— The task —
Nothing outside the range below should be printed. Output exactly the lines from the line with "- C97, C98, C99: value C_Polarized -> 33uF" to the line with "- net B_DATA_BUF_DIR: now", both included.

═══ Given entries

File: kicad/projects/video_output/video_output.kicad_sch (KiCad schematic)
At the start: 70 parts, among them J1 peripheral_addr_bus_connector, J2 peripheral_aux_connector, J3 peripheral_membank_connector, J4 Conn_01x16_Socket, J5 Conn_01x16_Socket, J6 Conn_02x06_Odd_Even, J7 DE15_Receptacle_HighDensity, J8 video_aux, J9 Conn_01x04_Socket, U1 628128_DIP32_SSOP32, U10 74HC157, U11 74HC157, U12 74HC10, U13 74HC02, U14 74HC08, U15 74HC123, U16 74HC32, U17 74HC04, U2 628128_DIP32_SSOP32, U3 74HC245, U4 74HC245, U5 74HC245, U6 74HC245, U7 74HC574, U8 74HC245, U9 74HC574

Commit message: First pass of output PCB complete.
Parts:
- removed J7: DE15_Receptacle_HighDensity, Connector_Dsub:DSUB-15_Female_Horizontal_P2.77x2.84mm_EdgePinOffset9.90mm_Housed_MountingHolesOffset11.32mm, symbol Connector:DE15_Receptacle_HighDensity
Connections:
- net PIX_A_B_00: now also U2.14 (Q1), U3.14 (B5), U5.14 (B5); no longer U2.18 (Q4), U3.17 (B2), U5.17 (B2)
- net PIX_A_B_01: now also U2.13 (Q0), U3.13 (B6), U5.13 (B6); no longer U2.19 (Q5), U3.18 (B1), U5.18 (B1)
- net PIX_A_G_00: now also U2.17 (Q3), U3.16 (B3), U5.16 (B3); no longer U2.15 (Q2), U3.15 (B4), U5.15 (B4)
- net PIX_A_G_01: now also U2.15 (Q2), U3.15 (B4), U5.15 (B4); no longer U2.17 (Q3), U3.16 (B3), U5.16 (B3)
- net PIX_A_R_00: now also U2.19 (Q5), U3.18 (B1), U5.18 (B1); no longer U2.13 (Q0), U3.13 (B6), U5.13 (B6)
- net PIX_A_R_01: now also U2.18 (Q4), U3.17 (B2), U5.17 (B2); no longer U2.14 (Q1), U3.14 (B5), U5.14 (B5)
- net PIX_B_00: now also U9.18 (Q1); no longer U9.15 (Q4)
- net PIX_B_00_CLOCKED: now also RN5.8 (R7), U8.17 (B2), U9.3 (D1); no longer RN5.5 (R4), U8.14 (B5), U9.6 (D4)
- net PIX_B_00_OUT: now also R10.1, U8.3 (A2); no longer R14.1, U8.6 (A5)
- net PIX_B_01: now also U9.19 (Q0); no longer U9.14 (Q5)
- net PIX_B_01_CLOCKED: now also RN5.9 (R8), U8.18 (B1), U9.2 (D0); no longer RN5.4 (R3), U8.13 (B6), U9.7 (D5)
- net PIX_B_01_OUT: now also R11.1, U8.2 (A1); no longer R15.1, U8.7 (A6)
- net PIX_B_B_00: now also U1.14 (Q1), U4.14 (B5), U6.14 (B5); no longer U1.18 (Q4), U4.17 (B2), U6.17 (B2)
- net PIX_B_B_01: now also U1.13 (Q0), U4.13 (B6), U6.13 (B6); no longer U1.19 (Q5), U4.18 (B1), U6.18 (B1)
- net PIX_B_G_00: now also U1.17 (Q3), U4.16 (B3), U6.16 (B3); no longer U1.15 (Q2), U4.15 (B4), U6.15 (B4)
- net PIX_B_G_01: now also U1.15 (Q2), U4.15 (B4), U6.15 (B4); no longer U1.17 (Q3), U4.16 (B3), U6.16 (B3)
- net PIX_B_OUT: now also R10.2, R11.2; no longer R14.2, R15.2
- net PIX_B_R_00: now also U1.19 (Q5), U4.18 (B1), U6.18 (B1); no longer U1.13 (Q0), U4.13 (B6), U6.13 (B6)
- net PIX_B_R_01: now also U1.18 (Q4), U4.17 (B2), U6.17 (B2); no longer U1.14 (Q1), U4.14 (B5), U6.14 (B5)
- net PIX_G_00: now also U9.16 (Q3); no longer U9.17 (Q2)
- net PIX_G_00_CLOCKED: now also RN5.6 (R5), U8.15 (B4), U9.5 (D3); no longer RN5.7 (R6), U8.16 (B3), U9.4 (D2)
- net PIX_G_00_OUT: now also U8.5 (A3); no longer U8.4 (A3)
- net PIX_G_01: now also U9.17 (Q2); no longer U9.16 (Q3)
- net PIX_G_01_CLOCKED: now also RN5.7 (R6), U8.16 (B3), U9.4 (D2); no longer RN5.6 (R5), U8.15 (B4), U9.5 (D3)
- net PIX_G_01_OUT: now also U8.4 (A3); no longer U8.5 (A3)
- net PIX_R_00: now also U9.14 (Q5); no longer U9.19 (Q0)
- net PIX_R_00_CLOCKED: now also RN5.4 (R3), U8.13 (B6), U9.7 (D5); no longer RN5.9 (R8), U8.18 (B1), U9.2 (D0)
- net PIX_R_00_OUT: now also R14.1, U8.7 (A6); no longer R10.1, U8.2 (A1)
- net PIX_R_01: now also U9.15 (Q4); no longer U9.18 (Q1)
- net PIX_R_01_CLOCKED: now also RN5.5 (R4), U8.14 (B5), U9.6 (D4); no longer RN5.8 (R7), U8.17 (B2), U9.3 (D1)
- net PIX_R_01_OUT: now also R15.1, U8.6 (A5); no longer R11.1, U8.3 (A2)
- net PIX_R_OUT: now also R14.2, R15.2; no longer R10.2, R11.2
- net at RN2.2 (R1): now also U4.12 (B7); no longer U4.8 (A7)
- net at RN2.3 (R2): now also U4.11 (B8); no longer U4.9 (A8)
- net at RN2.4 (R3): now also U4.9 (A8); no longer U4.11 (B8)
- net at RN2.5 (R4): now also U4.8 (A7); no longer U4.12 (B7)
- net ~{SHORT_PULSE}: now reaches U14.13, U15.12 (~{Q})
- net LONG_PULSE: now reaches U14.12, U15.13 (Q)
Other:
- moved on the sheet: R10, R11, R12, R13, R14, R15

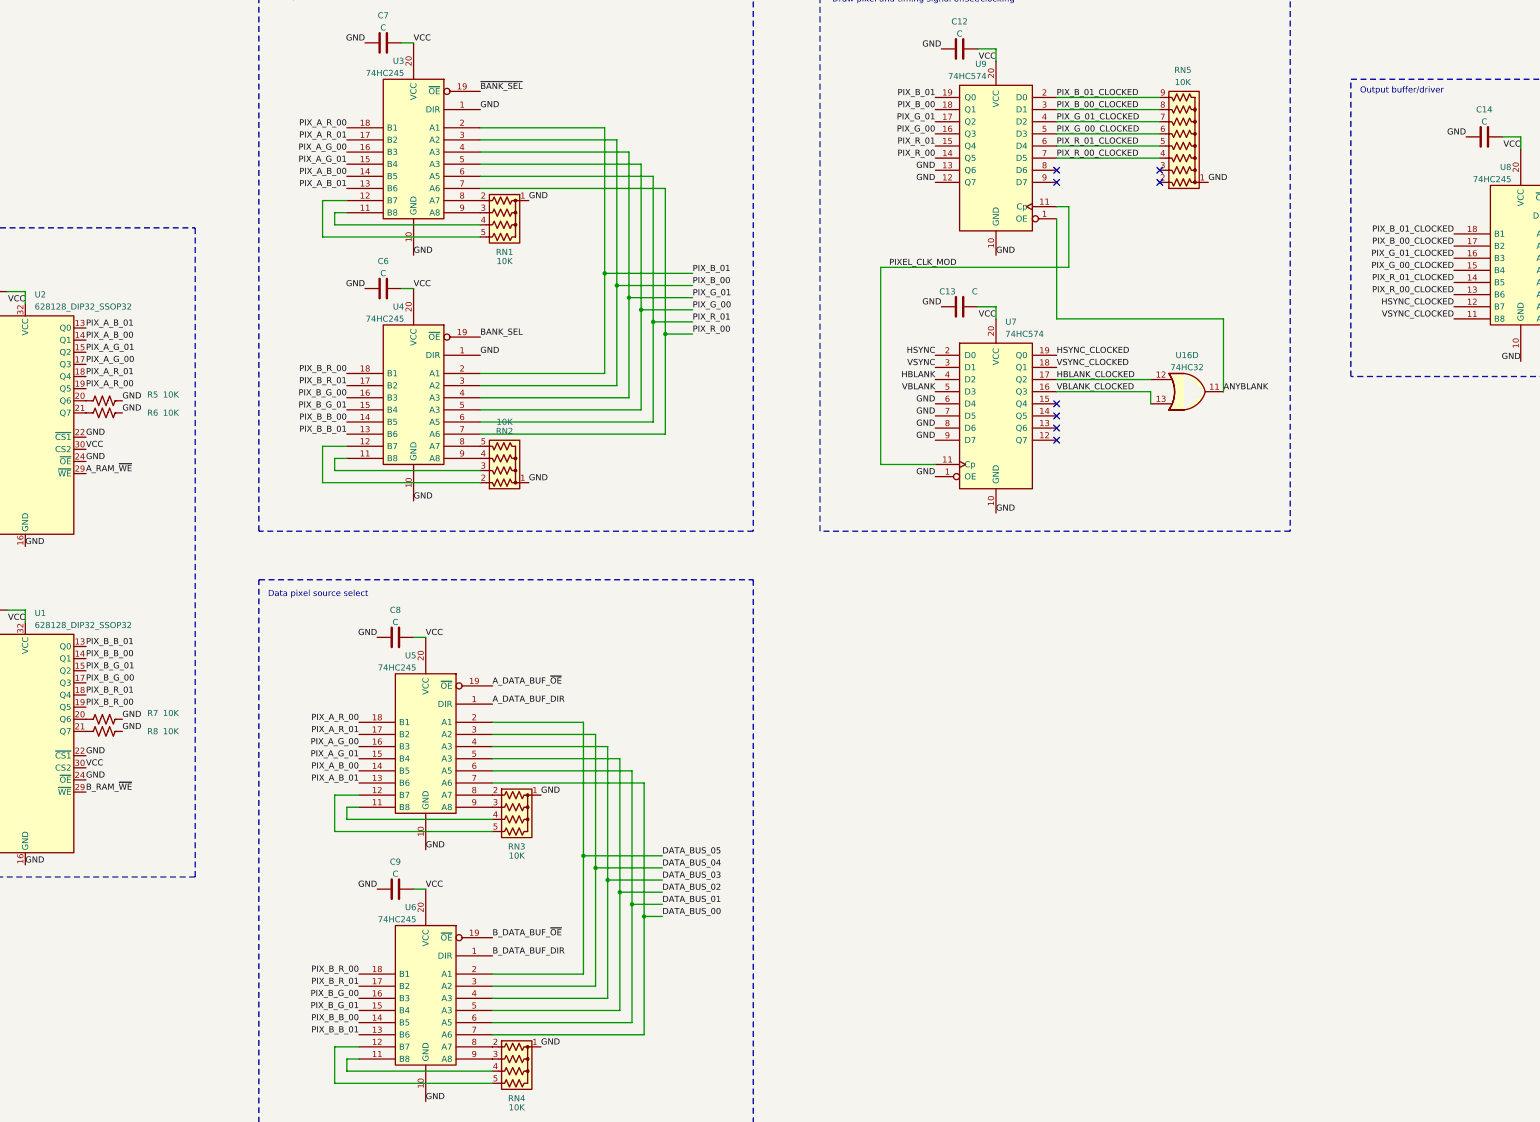
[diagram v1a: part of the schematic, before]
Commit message: Prep video out for RGB shuffle. Some work on shift status for tech checks, not complete yet.
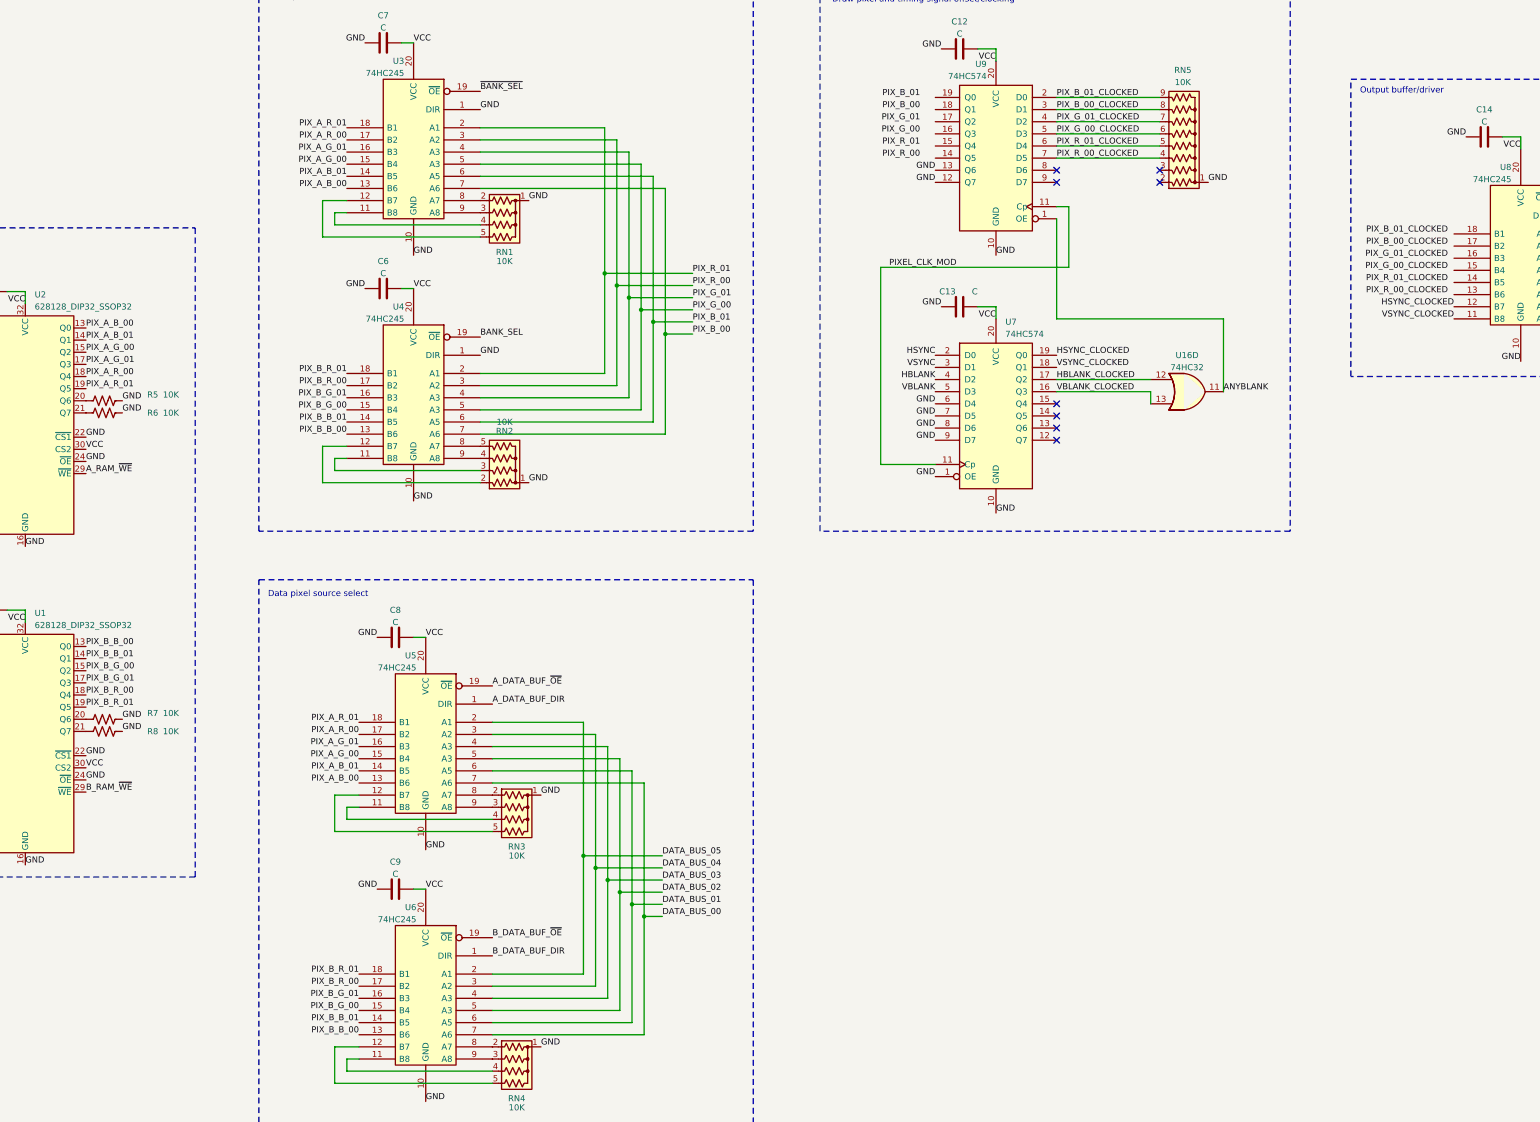
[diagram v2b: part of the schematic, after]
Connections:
- net PIX_A_B_00: now also U2.13 (Q0), U3.13 (B6), U5.13 (B6); no longer U2.14 (Q1), U3.14 (B5), U5.14 (B5)
- net PIX_A_B_01: now also U2.14 (Q1), U3.14 (B5), U5.14 (B5); no longer U2.13 (Q0), U3.13 (B6), U5.13 (B6)
- net PIX_A_G_00: now also U2.15 (Q2), U3.15 (B4), U5.15 (B4); no longer U2.17 (Q3), U3.16 (B3), U5.16 (B3)
- net PIX_A_G_01: now also U2.17 (Q3), U3.16 (B3), U5.16 (B3); no longer U2.15 (Q2), U3.15 (B4), U5.15 (B4)
- net PIX_A_R_00: now also U2.18 (Q4), U3.17 (B2), U5.17 (B2); no longer U2.19 (Q5), U3.18 (B1), U5.18 (B1)
- net PIX_A_R_01: now also U2.19 (Q5), U3.18 (B1), U5.18 (B1); no longer U2.18 (Q4), U3.17 (B2), U5.17 (B2)
- net PIX_B_00: now also U3.7 (A6), U4.7 (A6); no longer U3.3 (A2), U4.3 (A2), U9.18 (Q1)
- net PIX_B_00_CLOCKED: no longer U8.17 (B2)
- net PIX_B_01: now also U3.6 (A5), U4.6 (A5); no longer U3.2 (A1), U4.2 (A1), U9.19 (Q0)
- net PIX_B_01_CLOCKED: no longer U8.18 (B1)
- net PIX_B_B_00: now also U1.13 (Q0), U4.13 (B6), U6.13 (B6); no longer U1.14 (Q1), U4.14 (B5), U6.14 (B5)
- net PIX_B_B_01: now also U1.14 (Q1), U4.14 (B5), U6.14 (B5); no longer U1.13 (Q0), U4.13 (B6), U6.13 (B6)
- net PIX_B_G_00: now also U1.15 (Q2), U4.15 (B4), U6.15 (B4); no longer U1.17 (Q3), U4.16 (B3), U6.16 (B3)
- net PIX_B_G_01: now also U1.17 (Q3), U4.16 (B3), U6.16 (B3); no longer U1.15 (Q2), U4.15 (B4), U6.15 (B4)
- net PIX_B_R_00: now also U1.18 (Q4), U4.17 (B2), U6.17 (B2); no longer U1.19 (Q5), U4.18 (B1), U6.18 (B1)
- net PIX_B_R_01: now also U1.19 (Q5), U4.18 (B1), U6.18 (B1); no longer U1.18 (Q4), U4.17 (B2), U6.17 (B2)
- net PIX_G_00: no longer U9.16 (Q3)
- net PIX_G_00_CLOCKED: no longer U8.15 (B4)
- net PIX_G_01: no longer U9.17 (Q2)
- net PIX_G_01_CLOCKED: no longer U8.16 (B3)
- net PIX_R_00: now also U3.3 (A2), U4.3 (A2); no longer U3.7 (A6), U4.7 (A6), U9.14 (Q5)
- net PIX_R_00_CLOCKED: no longer U8.13 (B6)
- net PIX_R_01: now also U3.2 (A1), U4.2 (A1); no longer U3.6 (A5), U4.6 (A5), U9.15 (Q4)
- net PIX_R_01_CLOCKED: no longer U8.14 (B5)

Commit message: Switched A and B outputs on bank sel. Bit of work on logic and PCB for output. Clarified bank sel 0 and 1 and banks A and B in docs.
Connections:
- net DATA_BUF_DIR: now also U14.11, U16.1
- net GND: now also U17.9, U8.1 (DIR), U9.8 (D6), U9.9 (D7); no longer U9.12 (Q7), U9.13 (Q6)
- net PIX_B_00: now also U9.7 (D5)
- net PIX_B_00_CLOCKED: now also RN5.4 (R3), U8.13 (B6), U9.14 (Q5); no longer RN5.8 (R7), U9.3 (D1)
- net PIX_B_00_OUT: now also R14.1, U8.7 (A6); no longer R10.1, U8.3 (A2)
- net PIX_B_01: now also U9.6 (D4)
- net PIX_B_01_CLOCKED: now also RN5.5 (R4), U8.14 (B5), U9.15 (Q4); no longer RN5.9 (R8), U9.2 (D0)
- net PIX_B_01_OUT: now also R15.1, U8.6 (A5); no longer R11.1, U8.2 (A1)
- net PIX_B_OUT: now also R14.2, R15.2; no longer R10.2, R11.2
- net PIX_G_00: now also U9.5 (D3)
- net PIX_G_00_CLOCKED: now also U8.15 (B4), U9.16 (Q3); no longer U9.5 (D3)
- net PIX_G_01: now also U9.4 (D2)
- net PIX_G_01_CLOCKED: now also U8.16 (B3), U9.17 (Q2); no longer U9.4 (D2)
- net PIX_R_00: now also U9.3 (D1)
- net PIX_R_00_CLOCKED: now also RN5.8 (R7), U8.17 (B2), U9.18 (Q1); no longer RN5.4 (R3), U9.7 (D5)
- net PIX_R_00_OUT: now also R10.1, U8.3 (A2); no longer R14.1, U8.7 (A6)
- net PIX_R_01: now also U9.2 (D0)
- net PIX_R_01_CLOCKED: now also RN5.9 (R8), U8.18 (B1), U9.19 (Q0); no longer RN5.5 (R4), U9.6 (D4)
- net PIX_R_01_OUT: now also R11.1, U8.2 (A1); no longer R15.1, U8.6 (A5)
- net PIX_R_OUT: now also R10.2, R11.2; no longer R14.2, R15.2
- net R/~{W}: now reaches U12.11, U12.12
- no-connect marks 65 -> 66
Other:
- note removed: "May or may not need this depending on buffer orientataion"
- moved on the sheet: U17D

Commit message: Switch bank A and B positions on output and bank sel. Video output PCB mostly done.
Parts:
- removed C1: C, Capacitor_THT:C_Disc_D5.0mm_W2.5mm_P5.00mm, symbol Device:C
- removed R1: R_US, Resistor_THT:R_Axial_DIN0207_L6.3mm_D2.5mm_P10.16mm_Horizontal, symbol Device:R_US
- removed TP1: TestPoint, Connector_Pin:Pin_D1.0mm_L10.0mm, symbol Connector:TestPoint
- C97, C98, C99: value C_Polarized -> 33uF
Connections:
- net A_DATA_BUF_DIR: now also U10.7 (2Y), U6.1 (DIR); no longer U11.7 (2Y), U5.1 (DIR)
- net A_DATA_BUF_~{OE}: now also U10.4 (1Y), U6.19 (~{OE}); no longer U11.4 (1Y), U5.19 (~{OE})
- net A_RAM_~{WE}: now also U1.29 (~{WE}), U10.9 (3Y); no longer U11.9 (3Y), U2.29 (~{WE})
- net BANK_SEL: now also U10.1 (~{A}/B), U3.19 (~{OE}); no longer U11.1 (~{A}/B), U4.19 (~{OE})
- net B_DATA_BUF_DIR: now also U11.7 (2Y), U5.1 (DIR); no longer U10.7 (2Y), U6.1 (DIR)
- net B_DATA_BUF_~{OE}: now also U11.4 (1Y), U5.19 (~{OE}); no longer U10.4 (1Y), U6.19 (~{OE})
- net B_RAM_~{WE}: now also U11.9 (3Y), U2.29 (~{WE}); no longer U1.29 (~{WE}), U10.9 (3Y)
- net COL_A_00: now also J4.1 (Pin_1), U1.12 (A0); no longer J5.1 (Pin_1), U2.12 (A0)
- net COL_A_01: now also J4.2 (Pin_2), U1.11 (A1); no longer J5.2 (Pin_2), U2.11 (A1)
- net COL_A_02: now also J4.3 (Pin_3), U1.10 (A2); no longer J5.3 (Pin_3), U2.10 (A2)
- net COL_A_03: now also J4.4 (Pin_4), U1.9 (A3); no longer J5.4 (Pin_4), U2.9 (A3)
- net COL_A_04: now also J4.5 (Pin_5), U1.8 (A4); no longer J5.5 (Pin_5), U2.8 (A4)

══════

— Result for this exercise —
- C97, C98, C99: value C_Polarized -> 33uF
Connections:
- net A_DATA_BUF_DIR: now also U10.7 (2Y), U6.1 (DIR); no longer U11.7 (2Y), U5.1 (DIR)
- net A_DATA_BUF_~{OE}: now also U10.4 (1Y), U6.19 (~{OE}); no longer U11.4 (1Y), U5.19 (~{OE})
- net A_RAM_~{WE}: now also U1.29 (~{WE}), U10.9 (3Y); no longer U11.9 (3Y), U2.29 (~{WE})
- net BANK_SEL: now also U10.1 (~{A}/B), U3.19 (~{OE}); no longer U11.1 (~{A}/B), U4.19 (~{OE})
- net B_DATA_BUF_DIR: now also U11.7 (2Y), U5.1 (DIR); no longer U10.7 (2Y), U6.1 (DIR)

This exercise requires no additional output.